Farmers diversify their crops
This photo may seem odd, and rightly so: these aren’t tea leaves, but mint. However, this photo perfectly illustrates an aspect of my work. Many small producers around the world grow tea, harvesting and selling the fresh leaves to a co-operative, a farmer bigger than they are, or a company, who then processes the leaves. These small producers can sometimes have strong economic power, when demand for leaves is higher than supply. But more often than not they’re dependent on the buyer. So it’s always better if a small producer makes only part of their income from tea, and grows other crops alongside it such as potatoes, ginger, fruit and so on. This protects them from fluctuations in the price of tea, and gives them greater peace of mind.
Wild and beautiful
I can never get over the beauty of Malawi. Every week, as I prepare for my blog article, I go back over the different photos I like but haven’t yet used here. And it’s always the pictures of Malawi that capture my attention for a long time. The scenery is truly stunning. I know my photo isn’t that good, you can see the tea plants aren’t completely in focus, but the extraordinary light, all those shades of green and yellow, the beautiful blue sky fringed with white clouds, the high plateaus, that wildness extending to the horizon, those soft lines and other, more angular ones… We live in such an incredible world! If we remember to open our eyes and look, of course. And if we aren’t set on destroying it.
For My
For many people who work with tea, it is not an industry like any other. There can be a lot of love in tea. A lot of generosity and humanity. There can also be a lot of passion, among aficionados and producers, as well as the people who work in our stores, and give you advice. I would like to dedicate this photo to My, who worked for many years at Palais des Thés in Brussels, and who also loved to draw. She left this world far too soon.
Time for a get-together
It is up to us to protect nature
Most countries of the world have met in Paris to try to find a solution to the ecological catastrophe threatening us. First, we need to remind ourselves that we are responsible for this catastrophe. So it is not the catastrophe itself that threatens us, it is ourselves. Humans have, despite their so-called superiority, managed to become a major danger to all living creatures, all ecosystems, and also to themselves.

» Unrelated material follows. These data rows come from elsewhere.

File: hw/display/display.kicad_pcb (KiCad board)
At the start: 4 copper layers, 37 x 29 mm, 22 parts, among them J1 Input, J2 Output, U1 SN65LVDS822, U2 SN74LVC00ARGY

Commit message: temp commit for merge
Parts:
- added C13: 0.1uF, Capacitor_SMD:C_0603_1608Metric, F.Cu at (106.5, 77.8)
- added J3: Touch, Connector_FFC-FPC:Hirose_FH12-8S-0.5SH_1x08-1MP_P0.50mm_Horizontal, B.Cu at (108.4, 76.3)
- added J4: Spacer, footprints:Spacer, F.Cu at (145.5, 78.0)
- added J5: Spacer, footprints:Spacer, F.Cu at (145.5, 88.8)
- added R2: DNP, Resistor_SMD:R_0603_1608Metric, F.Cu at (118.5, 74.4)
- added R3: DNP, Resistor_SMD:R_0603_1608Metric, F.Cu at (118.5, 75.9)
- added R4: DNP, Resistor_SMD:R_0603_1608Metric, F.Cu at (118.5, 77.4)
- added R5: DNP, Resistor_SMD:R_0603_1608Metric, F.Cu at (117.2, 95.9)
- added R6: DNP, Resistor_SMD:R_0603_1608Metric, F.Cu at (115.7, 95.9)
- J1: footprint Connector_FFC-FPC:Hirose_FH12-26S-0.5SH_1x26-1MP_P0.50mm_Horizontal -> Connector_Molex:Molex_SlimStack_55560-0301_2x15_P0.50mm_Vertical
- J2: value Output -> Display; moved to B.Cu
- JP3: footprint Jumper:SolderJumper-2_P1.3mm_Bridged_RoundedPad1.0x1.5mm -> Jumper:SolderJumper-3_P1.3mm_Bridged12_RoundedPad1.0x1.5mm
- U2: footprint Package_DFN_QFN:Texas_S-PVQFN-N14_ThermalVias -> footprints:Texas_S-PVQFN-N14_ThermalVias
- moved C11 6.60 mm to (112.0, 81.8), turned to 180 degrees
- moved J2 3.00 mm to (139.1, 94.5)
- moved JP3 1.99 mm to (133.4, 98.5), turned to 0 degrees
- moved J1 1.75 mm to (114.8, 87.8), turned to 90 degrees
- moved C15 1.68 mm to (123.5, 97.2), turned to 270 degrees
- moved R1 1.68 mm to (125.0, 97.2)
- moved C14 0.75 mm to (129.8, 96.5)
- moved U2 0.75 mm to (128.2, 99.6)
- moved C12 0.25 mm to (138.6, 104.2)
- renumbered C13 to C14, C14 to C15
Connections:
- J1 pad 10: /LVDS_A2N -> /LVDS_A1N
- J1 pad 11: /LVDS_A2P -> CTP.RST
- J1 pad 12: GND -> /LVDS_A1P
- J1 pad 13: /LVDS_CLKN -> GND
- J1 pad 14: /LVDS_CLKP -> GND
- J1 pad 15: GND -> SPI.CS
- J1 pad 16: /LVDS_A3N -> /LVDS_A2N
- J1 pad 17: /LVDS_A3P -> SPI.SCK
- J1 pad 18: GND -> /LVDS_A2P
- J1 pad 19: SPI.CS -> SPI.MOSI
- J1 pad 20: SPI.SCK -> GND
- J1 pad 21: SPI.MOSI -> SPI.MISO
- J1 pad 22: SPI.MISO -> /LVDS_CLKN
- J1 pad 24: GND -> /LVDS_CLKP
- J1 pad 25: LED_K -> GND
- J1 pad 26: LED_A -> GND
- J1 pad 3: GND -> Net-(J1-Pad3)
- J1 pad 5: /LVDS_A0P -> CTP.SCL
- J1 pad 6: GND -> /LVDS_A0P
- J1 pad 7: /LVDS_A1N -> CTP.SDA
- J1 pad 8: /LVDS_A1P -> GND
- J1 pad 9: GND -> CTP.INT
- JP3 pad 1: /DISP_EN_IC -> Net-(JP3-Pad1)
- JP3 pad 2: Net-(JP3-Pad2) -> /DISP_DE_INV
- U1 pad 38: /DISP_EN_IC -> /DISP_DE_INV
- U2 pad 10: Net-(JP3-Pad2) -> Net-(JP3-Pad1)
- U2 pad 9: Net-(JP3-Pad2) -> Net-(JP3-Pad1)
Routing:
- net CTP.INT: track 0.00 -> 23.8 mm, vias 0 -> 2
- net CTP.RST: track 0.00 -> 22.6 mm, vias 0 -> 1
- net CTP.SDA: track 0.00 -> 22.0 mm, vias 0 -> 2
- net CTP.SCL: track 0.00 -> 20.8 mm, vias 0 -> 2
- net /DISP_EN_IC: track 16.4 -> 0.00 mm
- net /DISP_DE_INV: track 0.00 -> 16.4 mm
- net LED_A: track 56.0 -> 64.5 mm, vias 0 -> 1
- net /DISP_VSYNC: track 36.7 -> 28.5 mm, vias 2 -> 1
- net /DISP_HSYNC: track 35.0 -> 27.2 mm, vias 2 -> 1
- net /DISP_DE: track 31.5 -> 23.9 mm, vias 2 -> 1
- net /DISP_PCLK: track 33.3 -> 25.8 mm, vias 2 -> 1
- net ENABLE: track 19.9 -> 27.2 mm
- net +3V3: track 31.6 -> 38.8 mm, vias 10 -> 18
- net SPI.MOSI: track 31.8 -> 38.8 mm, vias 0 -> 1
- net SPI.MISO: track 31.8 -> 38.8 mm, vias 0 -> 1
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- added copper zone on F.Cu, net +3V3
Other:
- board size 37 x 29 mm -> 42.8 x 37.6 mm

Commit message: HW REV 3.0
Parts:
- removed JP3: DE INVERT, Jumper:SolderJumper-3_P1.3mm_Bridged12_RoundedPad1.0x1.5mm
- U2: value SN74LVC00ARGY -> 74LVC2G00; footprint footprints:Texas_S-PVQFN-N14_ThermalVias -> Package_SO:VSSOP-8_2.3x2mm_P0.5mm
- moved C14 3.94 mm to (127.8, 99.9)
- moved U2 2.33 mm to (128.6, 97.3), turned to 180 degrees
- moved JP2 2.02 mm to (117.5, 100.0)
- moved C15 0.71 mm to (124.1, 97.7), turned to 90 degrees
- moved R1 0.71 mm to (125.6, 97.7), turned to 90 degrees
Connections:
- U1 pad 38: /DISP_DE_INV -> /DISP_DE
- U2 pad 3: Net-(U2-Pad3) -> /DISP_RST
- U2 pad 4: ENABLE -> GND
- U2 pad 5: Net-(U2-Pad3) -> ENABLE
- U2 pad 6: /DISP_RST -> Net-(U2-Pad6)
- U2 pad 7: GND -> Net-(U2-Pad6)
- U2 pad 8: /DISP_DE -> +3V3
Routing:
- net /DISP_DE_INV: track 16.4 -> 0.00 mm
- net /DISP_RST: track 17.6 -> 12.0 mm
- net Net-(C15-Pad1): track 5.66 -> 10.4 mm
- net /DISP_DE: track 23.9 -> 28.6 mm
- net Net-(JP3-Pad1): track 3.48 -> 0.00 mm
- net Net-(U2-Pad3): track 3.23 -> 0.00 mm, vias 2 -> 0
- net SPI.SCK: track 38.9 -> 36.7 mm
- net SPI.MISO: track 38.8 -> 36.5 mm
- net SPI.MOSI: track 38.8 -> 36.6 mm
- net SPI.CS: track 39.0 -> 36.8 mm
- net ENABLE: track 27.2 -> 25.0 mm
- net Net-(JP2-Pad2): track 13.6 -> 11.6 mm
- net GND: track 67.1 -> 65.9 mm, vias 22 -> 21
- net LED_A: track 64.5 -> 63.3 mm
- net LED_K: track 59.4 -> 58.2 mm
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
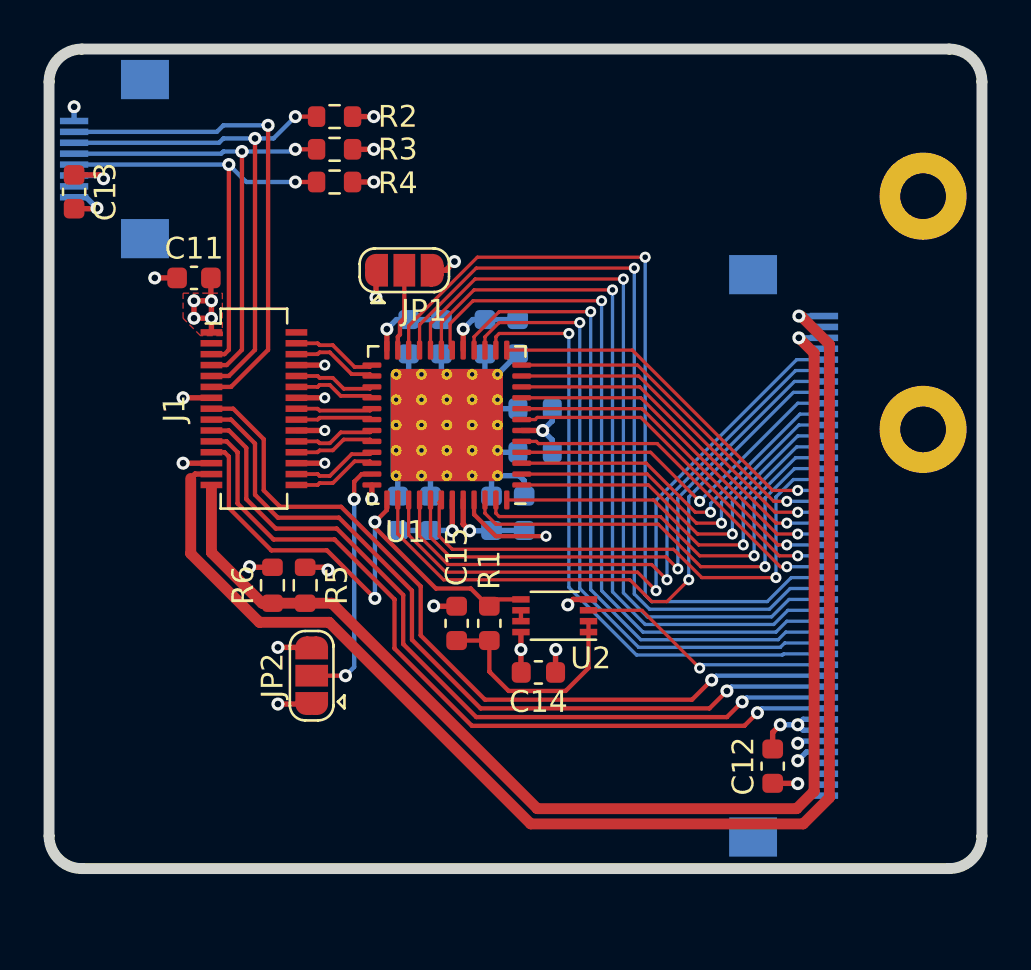
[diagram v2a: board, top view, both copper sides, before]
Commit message: REV3.1:  - fixed audio  - added spacers  - UART is routed through audio mux instead of I2C  - proper display connector alignment
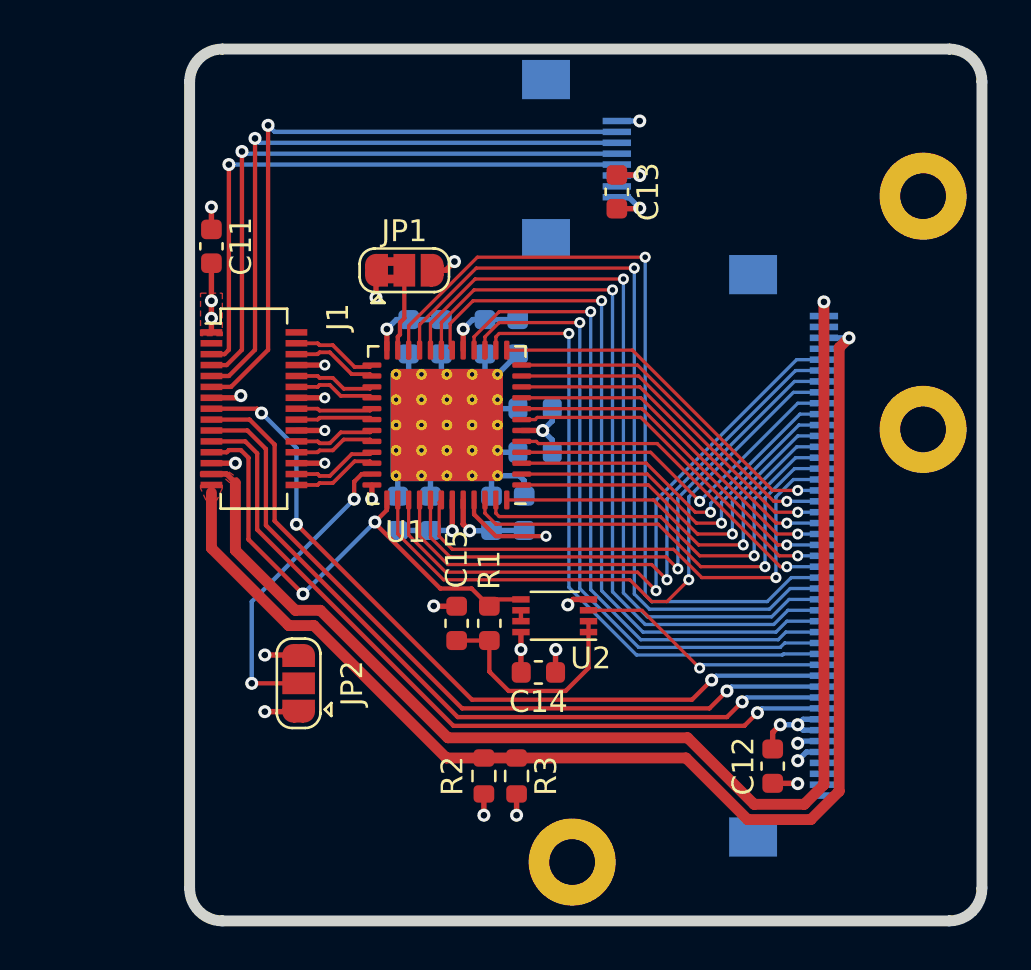
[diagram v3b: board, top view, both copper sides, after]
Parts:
- removed the R2 at (118.5, 74.4)
- removed the R3 at (118.5, 75.9)
- removed R4: DNP, Resistor_SMD:R_0603_1608Metric
- added J6: Spacer, footprints:Spacer, F.Cu at (129.4, 108.6)
- JP1: footprint Jumper:SolderJumper-3_P1.3mm_Open_RoundedPad1.0x1.5mm -> Jumper:SolderJumper-3_P1.3mm_Bridged2Bar12_RoundedPad1.0x1.5mm
- U2: value 74LVC2G00 -> 74AUP2G132DC
- moved C13 24.9 mm to (131.4, 77.8)
- moved J3 21.2 mm to (129.6, 76.3), turned to 90 degrees
- moved R3 14.2 mm to (126.8, 104.7), turned to 270 degrees
- moved R2 12.0 mm to (125.3, 104.7), turned to 270 degrees
- moved C11 1.66 mm to (112.8, 80.3), turned to 90 degrees
- moved JP2 0.69 mm to (116.8, 100.4)
- renumbered R5 to R2, R6 to R3
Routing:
- net CTP.RST: track 22.6 -> 29.7 mm
- net CTP.SCL: track 20.8 -> 27.2 mm, vias 2 -> 1
- net CTP.SDA: track 22.0 -> 28.0 mm, vias 2 -> 1
- net +3V3: track 38.6 -> 33.2 mm, vias 18 -> 13
- net CTP.INT: track 23.8 -> 28.9 mm, vias 2 -> 1
- net LED_A: track 63.3 -> 59.4 mm
- net Net-(JP2-Pad2): track 11.6 -> 14.3 mm
- net ENABLE: track 25.0 -> 23.6 mm
- net LED_K: track 58.2 -> 59.5 mm
- net SPI.MOSI: track 36.6 -> 36.0 mm
- net SPI.MISO: track 36.5 -> 35.9 mm
- net SPI.CS: track 36.8 -> 36.1 mm, vias 1 -> 3
- net SPI.SCK: track 36.7 -> 36.1 mm
- added copper zone on F.Cu, net LED_A
- added copper zone on F.Cu, net LED_K
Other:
- board size 42.8 x 37.6 mm -> 36.3 x 40 mm

It is up to us to change our ways. There is no fate. In fact it is not scientific progress that is leading to global warming, but the behaviour of a tiny minority of the people living on this Earth, who are monopolising most of our resources for their own benefit and to gain maximum profit from them. They consume at a frenzied pace, with complete disregard for our natural surroundings.
We must reconcile ourselves with our environment. We need to understand that we are just a part of it, and that to live in harmony with our environment we must accept that we are simply its inhabitants. We must understand that a river, a mountain, a forest, a swamp, an ocean or a high plateau is an ecosystem in itself and that it too has its own existence. An existence that demands our attention.
We will start to do better, and so will the planet, which gives us its resources and its beauty, when we have understood that Earth is not here to serve us humans. That we do not own it. That we have no rights to it, except to protect it, with all its richness and diversity. And that we have better things to do with our lives than to measure our success through what we consume.